We can reflect a vector across either of the coordinate axes by using a scale with one negative scale factor (see Figures 6.8 and 6.9):

$\text{reflect-y}=\left[\begin{array}{rr}\hfill -1& \hfill 0\\ \hfill 0& \hfill 1\end{array}\right],\text{reflect-x}=\left[\begin{array}{rr}\hfill 1& \hfill 0\\ \hfill 0& \hfill -1\end{array}\right].$

While one might expect that the matrix with −1 in both elements of the diagonal is also a reflection, in fact it is just a rotation by π radians.

6.1.5 Composition and Decomposition of Transformations

It is common for graphics programs to apply more than one transformation to an object. For example, we might want to first apply a scale S, and then a rotation R. This would be done in two steps on a 2D vector v1:

$\text{first},{\mathbf{\text{v}}}_{\text{2}}={\mathbf{Sv}}_{\text{1}},\text{then},{\mathbf{v}}_{\text{3}}={\mathbf{Rv}}_{\text{2}}.$

Another way to write this is

$v_{\text{3}}=R\left({\mathrm{Sv}}_{\text{1}}\right).$

Because matrix multiplication is associative, we can also write

$v_{\text{3}}=\left(\mathrm{RS}\right)v_{\text{1}}.$

In other words, we can represent the effects of transforming a vector by two matrices in sequence using a single matrix of the same size, which we can compute by multiplying the two matrices: M = RS (Figure 6.10).

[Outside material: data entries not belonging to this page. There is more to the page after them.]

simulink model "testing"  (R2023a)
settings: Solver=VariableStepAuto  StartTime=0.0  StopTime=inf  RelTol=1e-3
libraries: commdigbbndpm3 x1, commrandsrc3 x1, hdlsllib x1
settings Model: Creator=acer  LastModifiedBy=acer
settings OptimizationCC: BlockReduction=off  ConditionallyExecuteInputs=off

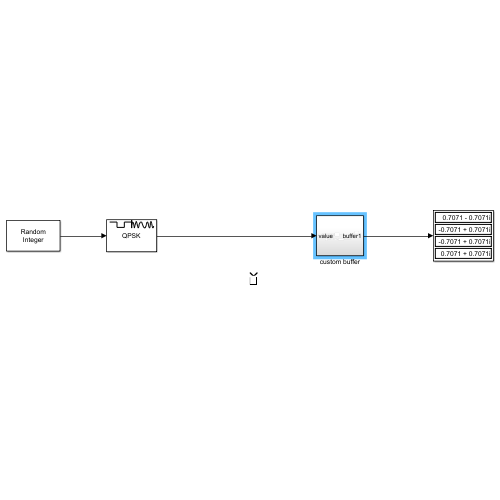
[thumbnail: Simulink's stored preview of the top-level diagram]
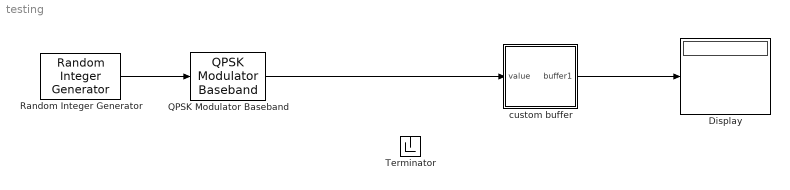
== system testing ==
  Display : Display
  QPSK Modulator Baseband : commdigbbndpm3/QPSK Modulator Baseband  InType=Integer  Enc=Gray  Ph=pi/4  outDtype=Fixed-point  outWordLen=16  outUDDataType=sfix(16)  outFracLenMode=Best precision  outFracLen=15  outDataTypeStr=fixdt(1,16)  outLastDataTypeStr=fixdt(1,16)
      settings: LibrarySourceBlock=|
      | commhdldigbbndpm/QPSK
      | Modulator
      | Baseband
  Random Integer Generator : commrandsrc3/Random Integer Generator  SetSize=4  SeedSource=Auto  Seed=0  SampleTime=1  SamplesPerFrame=1  OutputDataType=uint8  SimulateUsing=Interpreted execution
  Terminator : Terminator
  custom buffer : Subsystem
  wires:
  custom buffer/1(buffer1) -> Display/1
  Random Integer Generator/1 -> QPSK Modulator Baseband/1
  QPSK Modulator Baseband/1 -> custom buffer/1(value)

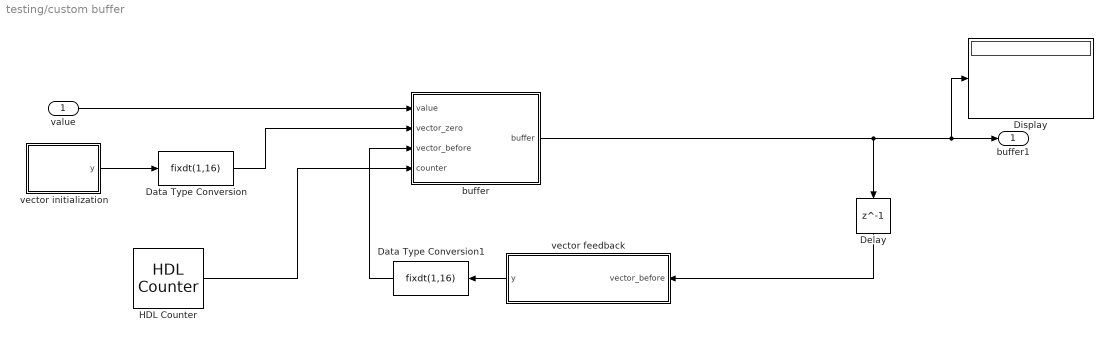
== system testing/custom buffer ==
  value : Inport
  Data Type Conversion : DataTypeConversion  OutMin=0  OutMax=1  OutDataTypeStr=fixdt(1,16)  SaturateOnIntegerOverflow=off  RndMeth=Floor
  Data Type Conversion1 : DataTypeConversion  OutMin=0  OutMax=1  OutDataTypeStr=fixdt(1,16)  SaturateOnIntegerOverflow=off  RndMeth=Floor
  Delay : Delay  DelayLength=1
  Display : Display
  HDL Counter : hdlsllib/Sources/HDL Counter  CountType=Count limited  CountInit=1  CountStep=1  CountMax=4  CountFromType=Initial value  CountFrom=1  CountResetPort=off  CountLoadPort=off  CountEnbPort=off  CountDirPort=off  CountHitOutputPort=off  CountDataType=Unsigned  CountWordLen=8  CountFracLen=0  CountSampTime=1
  buffer : MATLAB Function  TreatAsAtomicUnit=on
  vector feedback : MATLAB Function  TreatAsAtomicUnit=on
  vector initialization : MATLAB Function  TreatAsAtomicUnit=on
  buffer1 : Outport
  wires:
  HDL Counter/1 -> buffer/4(counter)
  value/1 -> buffer/1(value)
  vector initialization/1(y) -> Data Type Conversion/1
  Data Type Conversion/1 -> buffer/2(vector_zero)
  buffer/1(buffer) -> Delay/1, Display/1, buffer1/1
  Delay/1 -> vector feedback/1(vector_before)
  vector feedback/1(y) -> Data Type Conversion1/1
  Data Type Conversion1/1 -> buffer/3(vector_before)

== matlab function testing/custom buffer/buffer ==
  data: value input; vector_zero input; vector_before input; counter input; buffer output
function buffer = fcn(value, vector_zero, vector_before, counter)
%#codegen
if(counter == 0)
    buffer = vector_zero;
else
    buffer = vector_before;
end

buffer(counter) = value;

== matlab function testing/custom buffer/vector initialization ==
  data: y output
function y = fcn()
%#codegen

y = complex(ones(1,4));

== matlab function testing/custom buffer/vector feedback ==
  data: y output; vector_before input
function y = fcn(vector_before)
%#codegen

y = complex(vector_before);

It is very important to remember that these transforms are applied from the right side first. So the matrix M = RS first applies S and then R.

Example.

Suppose we want to scale by one-half in the vertical direction and then rotate by π/4 radians (45 degrees). The resulting matrix is

$\left[\begin{array}{rr}\hfill 0.707& \hfill -0.707\\ \hfill 0.707& \hfill 0.707\end{array}\right]\left[\begin{array}{cc}1& 0\\ 0& 0.5\end{array}\right]=\left[\begin{array}{rr}\hfill 0.707& \hfill -0.353\\ \hfill 0.707& \hfill 0.353\end{array}\right].$

It is important to always remember that matrix multiplication is not commutative. So the order of transforms does matter. In this example, rotating first, and then scaling, results in a different matrix (see Figure 6.11):

$\left[\begin{array}{cc}1& 0\\ 0& 0.5\end{array}\right]\left[\begin{array}{rr}\hfill 0.707& \hfill -0.707\\ \hfill 0.707& \hfill 0.707\end{array}\right]=\left[\begin{array}{rr}\hfill 0.707& \hfill -0.707\\ \hfill 0.353& \hfill 0.353\end{array}\right].$

Example.

Using the scale matrices we have presented, nonuniform scaling can only be done along the coordinate axes. If we wanted to stretch our clock by 50% along one of its diagonals, so that 8:00 through 1:00 move to the northwest and 2:00 through 7:00 move to the southeast, we can use rotation matrices in combination with an axis-aligned scaling matrix to get the result we want. The idea is to use a rotation to align the scaling axis with a coordinate axis, then scale along that axis, then rotate back. In our example, the scaling axis is the “backslash” diagonal of the square, and we can make it parallel to the x-axis with a rotation by +45°. Putting these operations together, the full transformation is

$\text{rotate}\left(-45°\right)\text{scale}\left(\text{1}\text{.5,}\text{1}\right)\text{rotate}\left(45°\right).$

In mathematical notation, this can be written RSRT. The result of multiplying the three matrices together is

$\left[\begin{array}{rr}\hfill 1.25& \hfill -0.25\\ \hfill -0.25& \hfill 1.25\end{array}\right]$

Building up a transformation from rotation and scaling transformations actually works for any linear transformation, and this fact leads to a powerful way of thinking about these transformations, as explored in the next section.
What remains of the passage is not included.